In a premonitory piece, Joshua Keating of Slate questions if democracy can survive the coronavirus crisis and finds that ground condition in countries as far apart as the Philippines, Turkmenistan, Hungary, Thailand, Israel, Iran, Turkey, Russia, and Bolivia has shifted towards the acceptance of an authoritarian order.
Depressing as it may seem, crisis for the many is always an opportunity for the few who are willing and capable of manipulating reality to suit their ambitions. The financial meltdown of 2008 led to massive cuts in social spending, a flood of debt ensued that drowned the middle-class and the resulting cap on wages pauperised the poor. Economics doesn’t always explain politics, but there are reasons to believe that the worldwide emergence of demagogic populists accelerated after the global financial crisis.
If a date has to be put when the Washington Consensus began to make way for the Beijing Consensus in the political economy of the world, it has to be 2008 that showed the desirability of politics of stability and prosperity rather than liberty and justice. Conclusions about erosion in acceptability of the Chinese model of political economy are more wishful than realistic.
Ethnonational upsurge
The idea of the deep state dates back to ancient times when a plutocracy of high priests, praetorian guards and resourceful merchants actually ruled while reins of the government stayed in the hands of a nominal ruler. I began to use the PEON acronym for the permanent establishment of Nepal when Chief Justice Khil Raj Regmi concurrently became the Chief Executive of the extra-constitutional government under the pretext of conducting a free and fair election.
It had taken a while to prepare the ground for the fall of the Maoist-Madhesi government (2011-13) that had been resisted tooth and nail by the deep state ever since its formation. The White Shirts of the urban bourgeoisie had begun to stage astroturf movements to weaken the system. The Supreme Court, under Chief Justice Regmi, had relied upon the ‘voice of the street’ to fix an expiry date upon the duly elected first Constituent Assembly. The rest turned out to be a history of the restoration of the old order, minus the monarchy.
The 16-Point Conspiracy in the middle of the Gorkha Earthquake aftershocks paved the way for a hastily drafted constitution, fast-tracked with party whips without even a pretence of public consultation. Hungry for a mention in the footnotes of history, the then Prime Minister and the chair of Nepali Congress Sushil Koirala failed to realise that he was signing the death warrant of his party by ignoring the aspirations of Madhesis. The day of the ‘Oli-garchy’ had arrived.
In the version of the palanquin press, KP Sharma Oli became the most nationalist Prime Minister since Marich Man Singh Shrestha when he succeeded in crushing the Madhes agitation through a combination of bullet, bombast and chicanery. What he had actually done was to add fuel to the fire of smouldering jingoism.
Despite all his shortcomings, the Nepali Congress strongman Girija Prasad Koirala had rightly intuited early on that addiction to xenophobic jingoism had kept the country a prisoner of its geography and a victim of autocratic history for centuries. The anger induced by the withdrawal symptom had turned the population against him in his last days. Prime Minister Sharma Oli had no compunction in administering fresh doses of the nationalist opiate to give the people a new high. The Oli-garchy triumphed as the country kneeled to the ground.
Premier Sharma Oli’s second term has been decidedly underwhelming.
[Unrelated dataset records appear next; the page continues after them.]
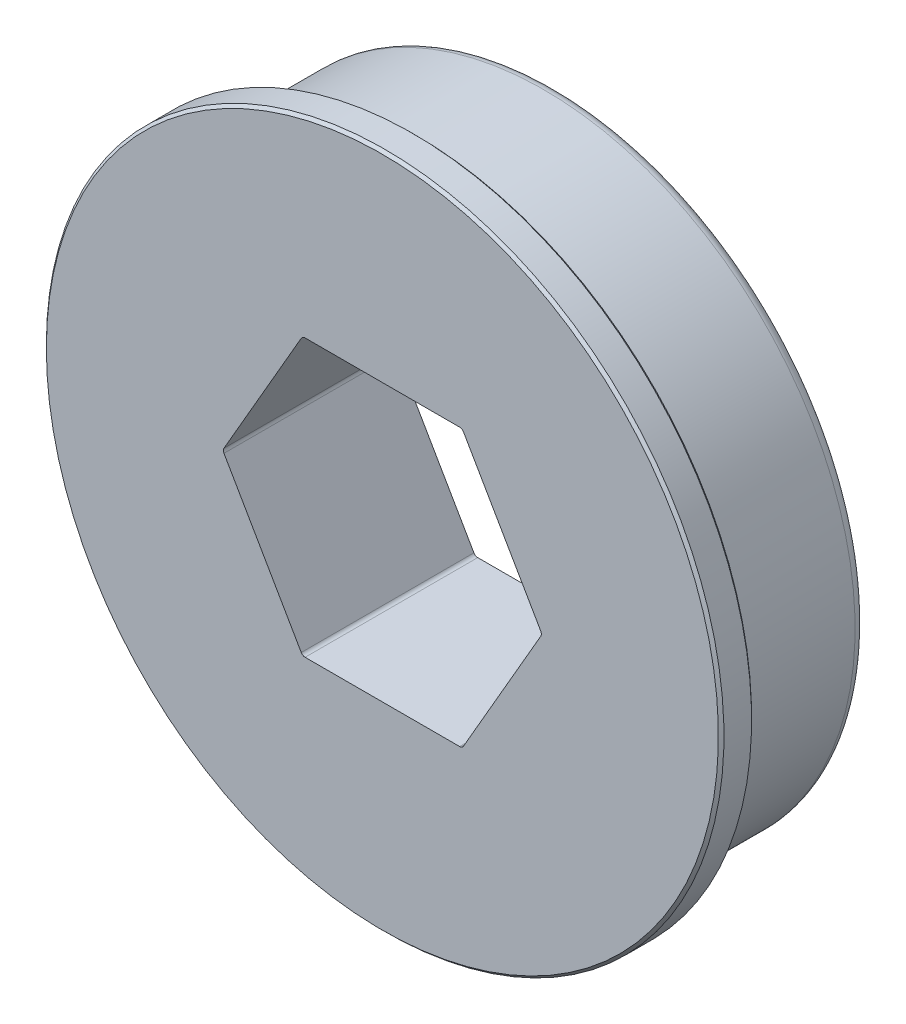
ISO-10303-21;
HEADER;
FILE_DESCRIPTION(('STEP AP214'),'2;1');
FILE_NAME('part.step','',(''),(''),'','','');
FILE_SCHEMA(('AUTOMOTIVE_DESIGN { 1 0 10303 214 1 1 1 1 }'));
ENDSEC;
DATA;
#1=APPLICATION_CONTEXT('core data for automotive mechanical design processes');
#2=APPLICATION_PROTOCOL_DEFINITION('international standard','automotive_design',2000,#1);
#3=PRODUCT_CONTEXT('',#1,'mechanical');
#4=PRODUCT('Part','Part','',(#3));
#5=PRODUCT_RELATED_PRODUCT_CATEGORY('part','',(#4));
#6=PRODUCT_DEFINITION_FORMATION('','',#4);
#7=PRODUCT_DEFINITION_CONTEXT('part definition',#1,'design');
#8=PRODUCT_DEFINITION('design','',#6,#7);
#9=PRODUCT_DEFINITION_SHAPE('','',#8);
#10=(LENGTH_UNIT() NAMED_UNIT(*) SI_UNIT(.MILLI.,.METRE.));
#11=(NAMED_UNIT(*) PLANE_ANGLE_UNIT() SI_UNIT($,.RADIAN.));
#12=(NAMED_UNIT(*) SI_UNIT($,.STERADIAN.) SOLID_ANGLE_UNIT());
#13=UNCERTAINTY_MEASURE_WITH_UNIT(LENGTH_MEASURE(1.E-05),#10,'distance_accuracy_value','');
#14=(GEOMETRIC_REPRESENTATION_CONTEXT(3) GLOBAL_UNCERTAINTY_ASSIGNED_CONTEXT((#13)) GLOBAL_UNIT_ASSIGNED_CONTEXT((#10,
#11,#12)) REPRESENTATION_CONTEXT('',''));
#15=CARTESIAN_POINT('',(0.,0.,0.));
#16=DIRECTION('',(0.,0.,1.));
#17=DIRECTION('',(1.,0.,0.));
#18=AXIS2_PLACEMENT_3D('',#15,#16,#17);
#19=CARTESIAN_POINT('',(0.,0.,7.80034));
#20=DIRECTION('',(0.,0.,-1.));
#21=DIRECTION('',(-1.,0.,0.));
#22=AXIS2_PLACEMENT_3D('',#19,#20,#21);
#23=CONICAL_SURFACE('',#22,15.5575,0.785398163397442);
#24=CARTESIAN_POINT('',(0.,0.,7.92734));
#25=DIRECTION('',(0.,0.,-1.));
#26=DIRECTION('',(-1.,0.,0.));
#27=AXIS2_PLACEMENT_3D('',#24,#25,#26);
#28=CIRCLE('',#27,15.4305);
#29=CARTESIAN_POINT('',(-15.4305,0.,7.92734));
#30=VERTEX_POINT('',#29);
#31=EDGE_CURVE('E180',#30,#30,#28,.T.);
#32=ORIENTED_EDGE('',*,*,#31,.T.);
#33=EDGE_LOOP('',(#32));
#34=FACE_BOUND('',#33,.T.);
#35=CARTESIAN_POINT('',(0.,0.,7.80034));
#36=DIRECTION('',(0.,0.,-1.));
#37=DIRECTION('',(-1.,0.,0.));
#38=AXIS2_PLACEMENT_3D('',#35,#36,#37);
#39=CIRCLE('',#38,15.5575);
#40=CARTESIAN_POINT('',(-15.5575,0.,7.80034));
#41=VERTEX_POINT('',#40);
#42=EDGE_CURVE('E167',#41,#41,#39,.T.);
#43=ORIENTED_EDGE('',*,*,#42,.F.);
#44=EDGE_LOOP('',(#43));
#45=FACE_BOUND('',#44,.T.);
#46=ADVANCED_FACE('F33',(#34,#45),#23,.T.);
#47=CARTESIAN_POINT('',(15.4305,0.,7.92734));
#48=DIRECTION('',(0.,0.,1.));
#49=DIRECTION('',(1.,0.,0.));
#50=AXIS2_PLACEMENT_3D('',#47,#48,#49);
#51=PLANE('',#50);
#52=DIRECTION('',(1.,0.,0.));
#53=VECTOR('',#52,1.);
#54=CARTESIAN_POINT('',(-3.66617420935412,-6.35,7.92734));
#55=LINE('',#54,#53);
#56=CARTESIAN_POINT('',(-3.54885663465478,-6.35,7.92734));
#57=VERTEX_POINT('',#56);
#58=CARTESIAN_POINT('',(3.5488566346548,-6.35000000000001,7.92734));
#59=VERTEX_POINT('',#58);
#60=EDGE_CURVE('E158',#57,#59,#55,.T.);
#61=ORIENTED_EDGE('',*,*,#60,.F.);
#62=CARTESIAN_POINT('',(-3.54885663465478,-6.1468,7.92734));
#63=DIRECTION('',(0.,0.,1.));
#64=DIRECTION('',(1.,0.,0.));
#65=AXIS2_PLACEMENT_3D('',#62,#63,#64);
#66=CIRCLE('',#65,0.2032);
#67=CARTESIAN_POINT('',(-3.72483299670378,-6.24840000000001,7.92734));
#68=VERTEX_POINT('',#67);
#69=EDGE_CURVE('E216',#57,#68,#66,.F.);
#70=ORIENTED_EDGE('',*,*,#69,.T.);
#71=DIRECTION('',(0.5,-0.866025403784439,0.));
#72=VECTOR('',#71,1.);
#73=CARTESIAN_POINT('',(-7.33234841870824,0.,7.92734));
#74=LINE('',#73,#72);
#75=CARTESIAN_POINT('',(-7.27368963135857,-0.101600000000002,7.92734));
#76=VERTEX_POINT('',#75);
#77=EDGE_CURVE('E163',#76,#68,#74,.T.);
#78=ORIENTED_EDGE('',*,*,#77,.F.);
#79=CARTESIAN_POINT('',(-7.09771326930958,0.,7.92734));
#80=DIRECTION('',(0.,0.,1.));
#81=DIRECTION('',(1.,0.,0.));
#82=AXIS2_PLACEMENT_3D('',#79,#80,#81);
#83=CIRCLE('',#82,0.2032);
#84=CARTESIAN_POINT('',(-7.27368963135857,0.101599999999999,7.92734));
#85=VERTEX_POINT('',#84);
#86=EDGE_CURVE('E224',#76,#85,#83,.F.);
#87=ORIENTED_EDGE('',*,*,#86,.T.);
#88=DIRECTION('',(-0.5,-0.866025403784439,0.));
#89=VECTOR('',#88,1.);
#90=CARTESIAN_POINT('',(-3.66617420935412,6.34999999999999,7.92734));
#91=LINE('',#90,#89);
#92=CARTESIAN_POINT('',(-3.72483299670379,6.24839999999999,7.92734));
#93=VERTEX_POINT('',#92);
#94=EDGE_CURVE('E156',#93,#85,#91,.T.);
#95=ORIENTED_EDGE('',*,*,#94,.F.);
#96=CARTESIAN_POINT('',(-3.54885663465479,6.14679999999999,7.92734));
#97=DIRECTION('',(0.,0.,1.));
#98=DIRECTION('',(1.,0.,0.));
#99=AXIS2_PLACEMENT_3D('',#96,#97,#98);
#100=CIRCLE('',#99,0.2032);
#101=CARTESIAN_POINT('',(-3.54885663465479,6.34999999999999,7.92734));
#102=VERTEX_POINT('',#101);
#103=EDGE_CURVE('E228',#93,#102,#100,.F.);
#104=ORIENTED_EDGE('',*,*,#103,.T.);
#105=DIRECTION('',(-1.,0.,0.));
#106=VECTOR('',#105,1.);
#107=CARTESIAN_POINT('',(3.66617420935413,6.35,7.92734));
#108=LINE('',#107,#106);
#109=CARTESIAN_POINT('',(3.5488566346548,6.35,7.92734));
#110=VERTEX_POINT('',#109);
#111=EDGE_CURVE('E152',#110,#102,#108,.T.);
#112=ORIENTED_EDGE('',*,*,#111,.F.);
#113=CARTESIAN_POINT('',(3.5488566346548,6.14679999999999,7.92734));
#114=DIRECTION('',(0.,0.,1.));
#115=DIRECTION('',(1.,0.,0.));
#116=AXIS2_PLACEMENT_3D('',#113,#114,#115);
#117=CIRCLE('',#116,0.2032);
#118=CARTESIAN_POINT('',(3.7248329967038,6.24839999999999,7.92734));
#119=VERTEX_POINT('',#118);
#120=EDGE_CURVE('E151',#110,#119,#117,.F.);
#121=ORIENTED_EDGE('',*,*,#120,.T.);
#122=DIRECTION('',(-0.5,0.866025403784438,0.));
#123=VECTOR('',#122,1.);
#124=CARTESIAN_POINT('',(7.33234841870826,0.,7.92734));
#125=LINE('',#124,#123);
#126=CARTESIAN_POINT('',(7.27368963135859,0.101599999999995,7.92734));
#127=VERTEX_POINT('',#126);
#128=EDGE_CURVE('E140',#127,#119,#125,.T.);
#129=ORIENTED_EDGE('',*,*,#128,.F.);
#130=CARTESIAN_POINT('',(7.09771326930959,0.,7.92734));
#131=DIRECTION('',(0.,0.,1.));
#132=DIRECTION('',(1.,0.,0.));
#133=AXIS2_PLACEMENT_3D('',#130,#131,#132);
#134=CIRCLE('',#133,0.2032);
#135=CARTESIAN_POINT('',(7.27368963135859,-0.101600000000005,7.92734));
#136=VERTEX_POINT('',#135);
#137=EDGE_CURVE('E124',#127,#136,#134,.F.);
#138=ORIENTED_EDGE('',*,*,#137,.T.);
#139=DIRECTION('',(0.5,0.866025403784439,0.));
#140=VECTOR('',#139,1.);
#141=CARTESIAN_POINT('',(3.66617420935413,-6.35000000000001,7.92734));
#142=LINE('',#141,#140);
#143=CARTESIAN_POINT('',(3.7248329967038,-6.24840000000001,7.92734));
#144=VERTEX_POINT('',#143);
#145=EDGE_CURVE('E153',#144,#136,#142,.T.);
#146=ORIENTED_EDGE('',*,*,#145,.F.);
#147=CARTESIAN_POINT('',(3.5488566346548,-6.14680000000001,7.92734));
#148=DIRECTION('',(0.,0.,1.));
#149=DIRECTION('',(1.,0.,0.));
#150=AXIS2_PLACEMENT_3D('',#147,#148,#149);
#151=CIRCLE('',#150,0.2032);
#152=EDGE_CURVE('E220',#144,#59,#151,.F.);
#153=ORIENTED_EDGE('',*,*,#152,.T.);
#154=EDGE_LOOP('',(#61,#70,#78,#87,#95,#104,#112,#121,#129,#138,#146,#153));
#155=FACE_BOUND('',#154,.T.);
#156=ORIENTED_EDGE('',*,*,#31,.F.);
#157=EDGE_LOOP('',(#156));
#158=FACE_BOUND('',#157,.T.);
#159=ADVANCED_FACE('F148',(#155,#158),#51,.T.);
#160=CARTESIAN_POINT('',(0.,0.,0.));
#161=DIRECTION('',(0.,0.,-1.));
#162=DIRECTION('',(-1.,0.,0.));
#163=AXIS2_PLACEMENT_3D('',#160,#161,#162);
#164=PLANE('',#163);
#165=CARTESIAN_POINT('',(0.,0.,0.));
#166=DIRECTION('',(0.,0.,-1.));
#167=DIRECTION('',(-1.,0.,0.));
#168=AXIS2_PLACEMENT_3D('',#165,#166,#167);
#169=CIRCLE('',#168,13.7795);
#170=CARTESIAN_POINT('',(-13.7795,0.,0.));
#171=VERTEX_POINT('',#170);
#172=EDGE_CURVE('E41',#171,#171,#169,.T.);
#173=ORIENTED_EDGE('',*,*,#172,.T.);
#174=EDGE_LOOP('',(#173));
#175=FACE_BOUND('',#174,.T.);
#176=DIRECTION('',(0.5,-0.866025403784439,0.));
#177=VECTOR('',#176,1.);
#178=CARTESIAN_POINT('',(-7.33234841870824,0.,0.));
#179=LINE('',#178,#177);
#180=CARTESIAN_POINT('',(-7.27368963135857,-0.101600000000002,0.));
#181=VERTEX_POINT('',#180);
#182=CARTESIAN_POINT('',(-3.72483299670378,-6.24840000000001,0.));
#183=VERTEX_POINT('',#182);
#184=EDGE_CURVE('E171',#181,#183,#179,.T.);
#185=ORIENTED_EDGE('',*,*,#184,.T.);
#186=CARTESIAN_POINT('',(-3.54885663465478,-6.1468,0.));
#187=DIRECTION('',(0.,0.,-1.));
#188=DIRECTION('',(-1.,0.,0.));
#189=AXIS2_PLACEMENT_3D('',#186,#187,#188);
#190=CIRCLE('',#189,0.2032);
#191=CARTESIAN_POINT('',(-3.54885663465478,-6.35,0.));
#192=VERTEX_POINT('',#191);
#193=EDGE_CURVE('E218',#183,#192,#190,.F.);
#194=ORIENTED_EDGE('',*,*,#193,.T.);
#195=DIRECTION('',(1.,0.,0.));
#196=VECTOR('',#195,1.);
#197=CARTESIAN_POINT('',(-3.66617420935412,-6.35,0.));
#198=LINE('',#197,#196);
#199=CARTESIAN_POINT('',(3.5488566346548,-6.35000000000001,0.));
#200=VERTEX_POINT('',#199);
#201=EDGE_CURVE('E166',#192,#200,#198,.T.);
#202=ORIENTED_EDGE('',*,*,#201,.T.);
#203=CARTESIAN_POINT('',(3.5488566346548,-6.14680000000001,0.));
#204=DIRECTION('',(0.,0.,-1.));
#205=DIRECTION('',(-1.,0.,0.));
#206=AXIS2_PLACEMENT_3D('',#203,#204,#205);
#207=CIRCLE('',#206,0.2032);
#208=CARTESIAN_POINT('',(3.7248329967038,-6.24840000000001,0.));
#209=VERTEX_POINT('',#208);
#210=EDGE_CURVE('E222',#200,#209,#207,.F.);
#211=ORIENTED_EDGE('',*,*,#210,.T.);
#212=DIRECTION('',(0.5,0.866025403784439,0.));
#213=VECTOR('',#212,1.);
#214=CARTESIAN_POINT('',(3.66617420935413,-6.35000000000001,0.));
#215=LINE('',#214,#213);
#216=CARTESIAN_POINT('',(7.27368963135859,-0.101600000000005,0.));
#217=VERTEX_POINT('',#216);
#218=EDGE_CURVE('E302',#209,#217,#215,.T.);
#219=ORIENTED_EDGE('',*,*,#218,.T.);
#220=CARTESIAN_POINT('',(7.09771326930959,0.,0.));
#221=DIRECTION('',(0.,0.,-1.));
#222=DIRECTION('',(-1.,0.,0.));
#223=AXIS2_PLACEMENT_3D('',#220,#221,#222);
#224=CIRCLE('',#223,0.2032);
#225=CARTESIAN_POINT('',(7.27368963135859,0.101599999999995,0.));
#226=VERTEX_POINT('',#225);
#227=EDGE_CURVE('E134',#217,#226,#224,.F.);
#228=ORIENTED_EDGE('',*,*,#227,.T.);
#229=DIRECTION('',(-0.5,0.866025403784438,0.));
#230=VECTOR('',#229,1.);
#231=CARTESIAN_POINT('',(7.33234841870826,0.,0.));
#232=LINE('',#231,#230);
#233=CARTESIAN_POINT('',(3.7248329967038,6.24839999999999,0.));
#234=VERTEX_POINT('',#233);
#235=EDGE_CURVE('E143',#226,#234,#232,.T.);
#236=ORIENTED_EDGE('',*,*,#235,.T.);
#237=CARTESIAN_POINT('',(3.5488566346548,6.14679999999999,0.));
#238=DIRECTION('',(0.,0.,-1.));
#239=DIRECTION('',(-1.,0.,0.));
#240=AXIS2_PLACEMENT_3D('',#237,#238,#239);
#241=CIRCLE('',#240,0.2032);
#242=CARTESIAN_POINT('',(3.5488566346548,6.35,0.));
#243=VERTEX_POINT('',#242);
#244=EDGE_CURVE('E214',#234,#243,#241,.F.);
#245=ORIENTED_EDGE('',*,*,#244,.T.);
#246=DIRECTION('',(-1.,0.,0.));
#247=VECTOR('',#246,1.);
#248=CARTESIAN_POINT('',(3.66617420935413,6.35,0.));
#249=LINE('',#248,#247);
#250=CARTESIAN_POINT('',(-3.54885663465479,6.34999999999999,0.));
#251=VERTEX_POINT('',#250);
#252=EDGE_CURVE('E288',#243,#251,#249,.T.);
#253=ORIENTED_EDGE('',*,*,#252,.T.);
#254=CARTESIAN_POINT('',(-3.54885663465479,6.14679999999999,0.));
#255=DIRECTION('',(0.,0.,-1.));
#256=DIRECTION('',(-1.,0.,0.));
#257=AXIS2_PLACEMENT_3D('',#254,#255,#256);
#258=CIRCLE('',#257,0.2032);
#259=CARTESIAN_POINT('',(-3.72483299670379,6.24839999999999,0.));
#260=VERTEX_POINT('',#259);
#261=EDGE_CURVE('E55',#251,#260,#258,.F.);
#262=ORIENTED_EDGE('',*,*,#261,.T.);
#263=DIRECTION('',(-0.5,-0.866025403784439,0.));
#264=VECTOR('',#263,1.);
#265=CARTESIAN_POINT('',(-3.66617420935412,6.34999999999999,0.));
#266=LINE('',#265,#264);
#267=CARTESIAN_POINT('',(-7.27368963135857,0.101599999999999,0.));
#268=VERTEX_POINT('',#267);
#269=EDGE_CURVE('E282',#260,#268,#266,.T.);
#270=ORIENTED_EDGE('',*,*,#269,.T.);
#271=CARTESIAN_POINT('',(-7.09771326930958,0.,0.));
#272=DIRECTION('',(0.,0.,-1.));
#273=DIRECTION('',(-1.,0.,0.));
#274=AXIS2_PLACEMENT_3D('',#271,#272,#273);
#275=CIRCLE('',#274,0.2032);
#276=EDGE_CURVE('E226',#268,#181,#275,.F.);
#277=ORIENTED_EDGE('',*,*,#276,.T.);
#278=EDGE_LOOP('',(#185,#194,#202,#211,#219,#228,#236,#245,#253,#262,#270,#277));
#279=FACE_BOUND('',#278,.T.);
#280=ADVANCED_FACE('F233',(#175,#279),#164,.T.);
#281=CARTESIAN_POINT('',(0.,0.,7.92734));
#282=DIRECTION('',(0.,0.,-1.));
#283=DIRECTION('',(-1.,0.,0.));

Social fissures continue to deepen. Politics have become a sham with all authority concentrated in the Prime Minister’s office. The economy is in shambles. There was some hope that good sense will somehow emerge in the ruling dispensation. The calamity brought about by the novel coronavirus, however, will probably work as a booster dose to prolong the immunity of the current regime.
Meanwhile, all ye nationalists, sing the national anthem to ward off the novel coronavirus and bear the physical and emotional pain of a prolonged lockdown. On that uplifting note Happy New BS Year!